> **TASK DESCRIPTION**: Return each line of the records below that contains the word "better".

> **EXCERPTED RECORDS**:
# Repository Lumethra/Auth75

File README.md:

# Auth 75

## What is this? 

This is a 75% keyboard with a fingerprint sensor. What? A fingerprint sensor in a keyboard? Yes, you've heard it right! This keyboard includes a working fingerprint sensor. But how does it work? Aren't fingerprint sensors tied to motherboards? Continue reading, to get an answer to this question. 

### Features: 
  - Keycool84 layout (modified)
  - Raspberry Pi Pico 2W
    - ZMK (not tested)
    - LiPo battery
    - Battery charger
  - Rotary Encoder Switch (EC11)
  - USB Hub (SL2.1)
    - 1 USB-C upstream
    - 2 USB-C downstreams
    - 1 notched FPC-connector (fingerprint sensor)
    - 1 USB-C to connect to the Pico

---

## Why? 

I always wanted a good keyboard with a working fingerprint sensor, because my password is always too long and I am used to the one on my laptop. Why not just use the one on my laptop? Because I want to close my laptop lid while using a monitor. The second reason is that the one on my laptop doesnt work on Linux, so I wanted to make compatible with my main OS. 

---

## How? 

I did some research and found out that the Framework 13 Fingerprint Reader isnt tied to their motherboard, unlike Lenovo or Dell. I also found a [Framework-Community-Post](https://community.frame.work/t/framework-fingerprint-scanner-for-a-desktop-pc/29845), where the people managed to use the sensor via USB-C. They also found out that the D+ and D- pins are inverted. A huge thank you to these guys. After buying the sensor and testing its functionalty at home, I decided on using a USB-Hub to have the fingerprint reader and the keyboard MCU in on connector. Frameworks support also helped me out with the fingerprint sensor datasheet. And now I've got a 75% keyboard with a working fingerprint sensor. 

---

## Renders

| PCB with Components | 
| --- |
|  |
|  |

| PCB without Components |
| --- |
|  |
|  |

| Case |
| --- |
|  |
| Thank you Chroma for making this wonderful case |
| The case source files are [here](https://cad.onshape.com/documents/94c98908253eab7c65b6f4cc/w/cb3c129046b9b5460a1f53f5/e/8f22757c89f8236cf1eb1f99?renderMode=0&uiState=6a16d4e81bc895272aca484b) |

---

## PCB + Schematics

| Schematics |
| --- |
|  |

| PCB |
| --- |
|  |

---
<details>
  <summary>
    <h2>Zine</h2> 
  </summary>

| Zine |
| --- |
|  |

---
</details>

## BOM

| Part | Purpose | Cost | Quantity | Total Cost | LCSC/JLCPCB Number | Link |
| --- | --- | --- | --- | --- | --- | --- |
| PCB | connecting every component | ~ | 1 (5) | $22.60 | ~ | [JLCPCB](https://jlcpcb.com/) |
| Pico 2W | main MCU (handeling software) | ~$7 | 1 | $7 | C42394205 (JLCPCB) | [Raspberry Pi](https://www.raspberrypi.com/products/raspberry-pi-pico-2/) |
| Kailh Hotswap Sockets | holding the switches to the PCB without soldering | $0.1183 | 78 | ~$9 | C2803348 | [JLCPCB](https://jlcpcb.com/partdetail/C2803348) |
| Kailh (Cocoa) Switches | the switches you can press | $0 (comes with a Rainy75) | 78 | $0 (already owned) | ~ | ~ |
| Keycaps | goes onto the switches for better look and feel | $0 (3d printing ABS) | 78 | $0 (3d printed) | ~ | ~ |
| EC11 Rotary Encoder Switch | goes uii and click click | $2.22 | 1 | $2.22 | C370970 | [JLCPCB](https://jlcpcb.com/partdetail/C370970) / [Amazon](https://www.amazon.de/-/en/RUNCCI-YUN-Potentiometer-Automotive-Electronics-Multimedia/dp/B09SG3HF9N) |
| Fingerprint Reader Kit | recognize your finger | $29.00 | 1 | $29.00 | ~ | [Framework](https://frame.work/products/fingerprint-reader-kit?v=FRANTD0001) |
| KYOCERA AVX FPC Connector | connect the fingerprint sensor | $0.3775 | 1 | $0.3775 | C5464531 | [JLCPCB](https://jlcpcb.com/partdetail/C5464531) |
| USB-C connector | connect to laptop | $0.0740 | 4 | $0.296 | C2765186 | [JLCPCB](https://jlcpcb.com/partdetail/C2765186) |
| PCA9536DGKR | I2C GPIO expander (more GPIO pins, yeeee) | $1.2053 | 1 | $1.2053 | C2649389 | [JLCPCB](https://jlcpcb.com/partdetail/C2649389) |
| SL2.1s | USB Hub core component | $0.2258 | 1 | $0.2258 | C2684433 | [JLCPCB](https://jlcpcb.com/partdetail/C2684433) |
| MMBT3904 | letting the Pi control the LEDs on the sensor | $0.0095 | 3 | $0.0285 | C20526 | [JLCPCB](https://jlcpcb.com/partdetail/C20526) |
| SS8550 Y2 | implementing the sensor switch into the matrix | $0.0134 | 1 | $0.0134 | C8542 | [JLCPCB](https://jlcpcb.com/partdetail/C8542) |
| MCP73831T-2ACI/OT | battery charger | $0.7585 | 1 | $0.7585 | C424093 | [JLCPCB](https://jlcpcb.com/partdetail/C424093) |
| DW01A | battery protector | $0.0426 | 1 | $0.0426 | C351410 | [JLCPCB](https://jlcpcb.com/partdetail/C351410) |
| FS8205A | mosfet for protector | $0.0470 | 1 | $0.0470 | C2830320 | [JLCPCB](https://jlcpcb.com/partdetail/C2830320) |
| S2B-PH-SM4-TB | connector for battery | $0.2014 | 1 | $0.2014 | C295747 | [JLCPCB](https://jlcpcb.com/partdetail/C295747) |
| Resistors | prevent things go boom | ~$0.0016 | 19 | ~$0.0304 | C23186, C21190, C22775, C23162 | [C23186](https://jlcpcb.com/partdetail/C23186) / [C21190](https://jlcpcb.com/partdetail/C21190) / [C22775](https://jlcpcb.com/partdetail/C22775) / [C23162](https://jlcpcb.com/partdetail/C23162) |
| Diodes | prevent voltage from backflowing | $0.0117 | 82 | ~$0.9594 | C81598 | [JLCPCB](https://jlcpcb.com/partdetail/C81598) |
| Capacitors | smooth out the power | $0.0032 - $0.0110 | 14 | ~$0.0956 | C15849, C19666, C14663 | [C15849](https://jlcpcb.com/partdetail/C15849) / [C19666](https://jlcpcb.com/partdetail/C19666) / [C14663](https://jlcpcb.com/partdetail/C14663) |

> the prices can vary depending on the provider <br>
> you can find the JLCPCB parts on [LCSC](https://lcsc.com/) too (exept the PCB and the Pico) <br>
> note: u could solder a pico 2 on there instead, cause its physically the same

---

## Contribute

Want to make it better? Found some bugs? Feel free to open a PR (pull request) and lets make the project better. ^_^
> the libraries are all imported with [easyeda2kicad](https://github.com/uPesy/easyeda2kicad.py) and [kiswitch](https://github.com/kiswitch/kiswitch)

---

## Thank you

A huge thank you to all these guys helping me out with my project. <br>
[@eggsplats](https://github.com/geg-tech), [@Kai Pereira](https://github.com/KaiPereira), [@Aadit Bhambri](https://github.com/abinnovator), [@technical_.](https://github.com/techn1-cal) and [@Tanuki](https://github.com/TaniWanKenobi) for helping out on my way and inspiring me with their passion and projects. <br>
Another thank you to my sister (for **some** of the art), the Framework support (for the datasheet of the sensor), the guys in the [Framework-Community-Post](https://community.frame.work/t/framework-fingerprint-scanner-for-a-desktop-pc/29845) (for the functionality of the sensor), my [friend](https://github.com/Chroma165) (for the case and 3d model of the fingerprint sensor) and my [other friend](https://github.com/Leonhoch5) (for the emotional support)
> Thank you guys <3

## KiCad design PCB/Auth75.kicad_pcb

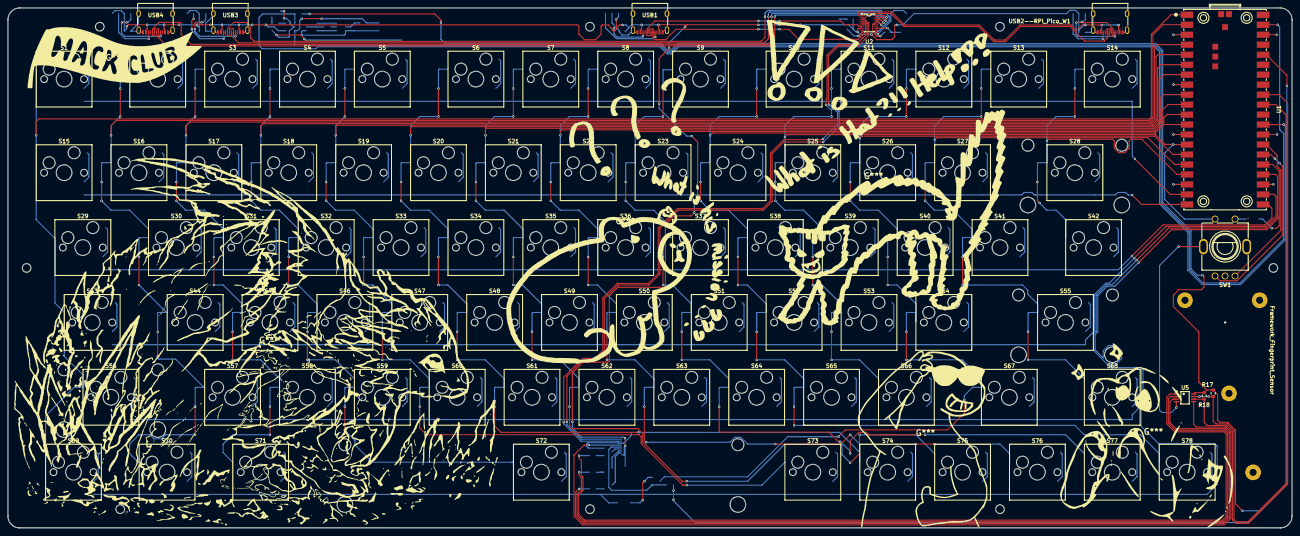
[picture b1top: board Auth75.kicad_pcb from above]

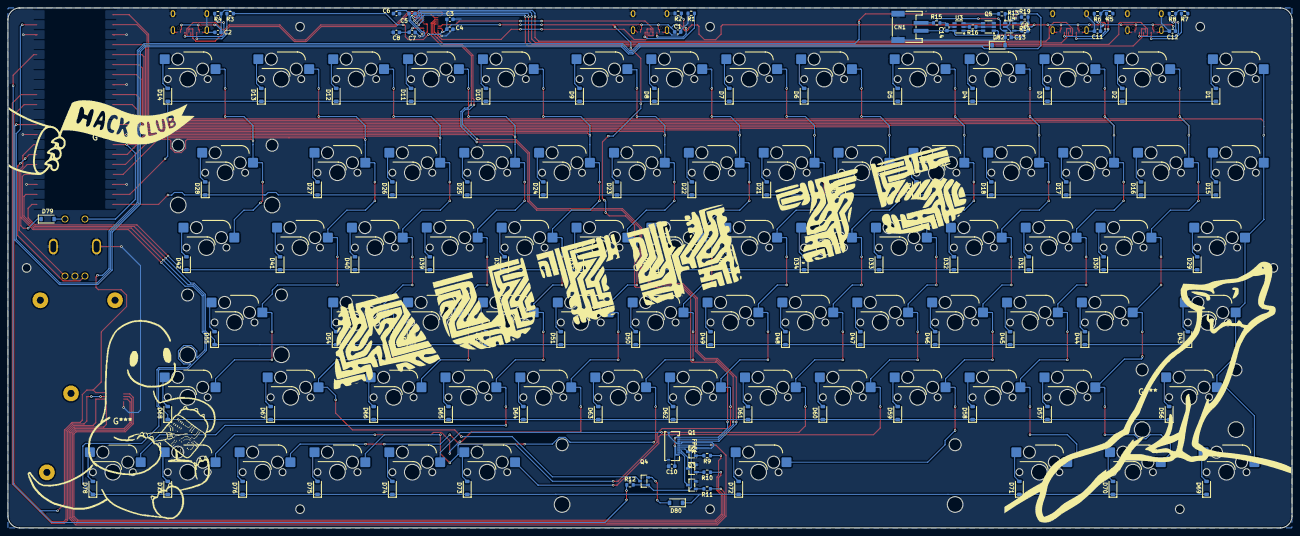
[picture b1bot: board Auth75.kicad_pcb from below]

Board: 2 copper layers, 326.7 x 132.3 mm, 210 parts (121 on the bottom side), 149 nets.

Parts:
C1, C2, C3, C5, C7, C10, C11, C12: 1uF; C_0603_1608Metric
C4, C6, C8, C14: 100nF; C_0603_1608Metric
C9, C13: 4.7uF; C_0603_1608Metric
CN1: S2B-PH-SM4-TB; CONN-SMD_P2.00_S2B-PH-SM4-TB-LF-SN
D1, D2, D3, D4, D5, D6, D7, D8, D9, D10, D11, D12, D13, D14, D15, D16, D17, D18, D19, D20, D21, D22, D23, D24, D25, D26, D27, D28, D29, D30, D31, D32, D33, D34, D35, D36, D37, D38, D39, D40, D41, D42, D43, D44, D45, D46, D47, D48, D49, D50, D51, D52, D53, D54, D55, D56, D57, D58, D59, D60, D61, D62, D63, D64, D65, D66, D67, D68, D69, D70, D71, D72, D73, D74, D75, D76, D77, D78, D79, D80, D82: D_SOD-123
FPC1: 046809610110846+; CONN-SMD_10P-P0.50_046809610110846
Framework_Fingerprint_Sensor: Untitled; Framework Fingerprint Sensor
Q1, Q2, Q3: MMBT3904-C20526; SOT-23-3_L2.9-W1.3-P1.90-LS2.4-BR
Q4: SS8550_C8542; SOT-23-3_L2.9-W1.3-P1.90-LS2.4-BR
Q5: FS8205A_C2830320; SOT-23-6_L2.9-W1.6-P0.95-LS2.8-BR
R1, R2, R12, R13: 5.1k; R_0603_1608Metric
R3, R4, R5, R6, R7, R8: 56k; R_0603_1608Metric
R9, R10, R11, R14, R16, R19: 1k; R_0603_1608Metric
R15: 100; R_0603_1608Metric
R17, R18: 4.7k; R_0603_1608Metric
S1, S2, S3, S4, S5, S6, S7, S8, S9, S10, S11, S12, S13, S14, S15, S16, S17, S18, S19, S20, S21, S22, S23, S24, S25, S26, S27, S28, S29, S30, S31, S32, S33, S34, S35, S36, S37, S38, S39, S40, S41, S42, S43, S44, S45, S46, S47, S48, S49, S50, S51, S52, S53, S54, S55, S56, S57, S58, S59, S60, S61, S62, S63, S64, S65, S66, S67, S68, S69, S70, S71, S72, S73, S74, S75, S76, S77, S78: SW_Hotswap_Kailh_MX
SW1: EC11E15244G1; SW-TH_EC11E15244G1
U1: RASPBERRY PI PICO 2W; COMM-SMD_L51.0-W21.0-P2.54_PICOW
U2: SL2.1S; SSOP-16_L4.6-W2.6-P0.53-LS4.0-BL
U3: DW01A_C351410; SOT-23-6_L2.9-W1.6-P0.95-LS2.8-BL
U4: MCP73831T-2ACI/OT; SOT-23-5_L3.0-W1.7-P0.95-LS2.8-BL
U5: PCA9536DGKR; VSSOP-8_L3.0-W3.0-P0.65-LS4.9-BL
USB1, USB2--RPI_Pico_W1, USB3, USB4: TYPE-C 16PIN 2MD; USB-C-SMD_TYPE-C-6PIN-2MD-073

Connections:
+3.3V: R12.1, R13.1, R17.2, R18.2, U1.36 (3V3(OUT)), U5.8 (VCC)
+5V: C1.1, C2.1, C3.1, C4.1, C9.1, C10.1, C11.1, C12.1, FPC1.1, FPC1.10, R3.1, R4.1, R5.1, R6.1, R7.1, R8.1, U2.7 (VDD5), U4.4 (VDD), USB1.2 (VBUS), USB1.11 (VBUS), USB2--RPI_Pico_W1.2 (VBUS), USB2--RPI_Pico_W1.11 (VBUS), USB3.2 (VBUS), USB3.11 (VBUS), USB4.2 (VBUS), USB4.11 (VBUS)
/D1/D2: Q5.2 (D1/D2), Q5.5 (D1/D2), R16.1
/DN: U2.5 (UDM), USB1.5 (DN2), USB1.7 (DN1)
/DN1: FPC1.2, U2.3 (DM1)
/DN2: U2.1 (DM2), USB2--RPI_Pico_W1.5 (DN2), USB2--RPI_Pico_W1.7 (DN1)
/DN3: U2.15 (DM3), USB3.5 (DN2), USB3.7 (DN1)
/DN4: U2.13 (DM4), USB4.5 (DN2), USB4.7 (DN1)
/DP: U2.6 (UDP), USB1.6 (DP1), USB1.8 (DP2)
/DP1: FPC1.3, U2.4 (DP1)
/DP2: U2.2 (DP2), USB2--RPI_Pico_W1.6 (DP1), USB2--RPI_Pico_W1.8 (DP2)
/DP3: U2.16 (DP3), USB3.6 (DP1), USB3.8 (DP2)
/DP4: U2.14 (DP4), USB4.6 (DP1), USB4.8 (DP2)
BATT+: C13.1, CN1.1, D82.2 (A), R15.2, U4.3 (VBAT)
BATT-: C14.1, CN1.2, Q5.1 (S1), U3.6 (GND)
Column 1: S1.1, S15.1, S29.1, S43.1, S56.1, S69.1, U1.1 (GP0_SPI0RX_I2C0SDA_UART0TX)
Column 2: S2.1, S16.1, S30.1, S44.1, S57.1, S70.1, U1.2 (GP1_SPI0CSn_I2C0SCL_UART0RX)
Column 3: S3.1, S17.1, S31.1, S45.1, S58.1, S71.1, U1.4 (GP2_SPI0SCK_I2C1SDA)
Column 4: S4.1, S18.1, S32.1, S46.1, S59.1, S72.1, U1.5 (GP3_SPI0TX_I2C1SCL)
Column 5: S5.1, S19.1, S33.1, S47.1, S60.1, S73.1, U1.6 (GP4_SPI0RX_I2C0SDA_UART1TX)
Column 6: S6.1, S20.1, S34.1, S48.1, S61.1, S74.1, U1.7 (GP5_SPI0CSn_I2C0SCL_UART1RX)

> **RESPONSE TO THE EXERCISE**:
| Keycaps | goes onto the switches for better look and feel | $0 (3d printing ABS) | 78 | $0 (3d printed) | ~ | ~ |
Want to make it better? Found some bugs? Feel free to open a PR (pull request) and lets make the project better. ^_^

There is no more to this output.